Background: The stable prostaglandin I2 analogue (iloprost) iloprost has been shown to inhibit allergic airway inflammation in mice by modulating the function of myeloid dendritic cells (DCs).
Objective: The aim of the current study was to investigate the biological activity of iloprost on human monocyte-derived DCs.
Methods: I prostanoid (IP) receptor expression was analysed by RT-PCR. Cytokine secretion by DCs and CD4+ T cells was measured by ELISA. The expression of the transcription factor FoxP3 after co-culture of DCs with CD4+ CD45RA+ T cells was analysed by flow cytometry.
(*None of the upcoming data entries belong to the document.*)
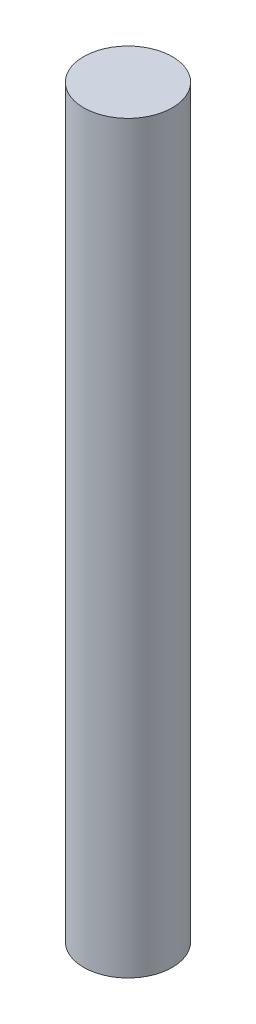
from build123d import *

# Parameters (mm, degrees)
SKETCH1_R           = 2.38125
BOSS_EXTRUDE1_DEPTH = 39.999999978


with BuildPart() as part:
    # Sketch1 → Boss-Extrude1 (new body)
    with BuildSketch(Plane(origin=(0, 0, 0), x_dir=(1, 0, 0), z_dir=(0, 1, 0))):
        Circle(SKETCH1_R)
    extrude(amount=BOSS_EXTRUDE1_DEPTH)


solid = part.part

Results: Human monocyte-derived DCs were found to express mRNA specific for the PGI2 receptor IP, and stimulation with iloprost resulted in increased cyclic AMP levels in both immature DCs (iDCs) and mature DCs (mDCs). Moreover, iloprost dose dependently inhibited the secretion of TNF-alpha, IL-6, IL-8 and IL-12p70 in mDCs, while it enhanced IL-10 production. Changes in cytokine secretion were paralleled by an altered T-cell priming capacity of DCs: in co-culture experiments of iloprost-treated mDC and naïve CD45RA+ T cells, an induction of regulatory T cells could be observed, as demonstrated by increased intracellular FoxP3 expression and IL-10 production. Additionally, iloprost inhibited the MIP-3beta-induced migration of mDCs.
Conclusion: In summary, our results provide evidence that iloprost profoundly affects the function of human myeloid DCs. Therefore, iloprost might also be a new therapeutical option for the treatment of asthma in humans.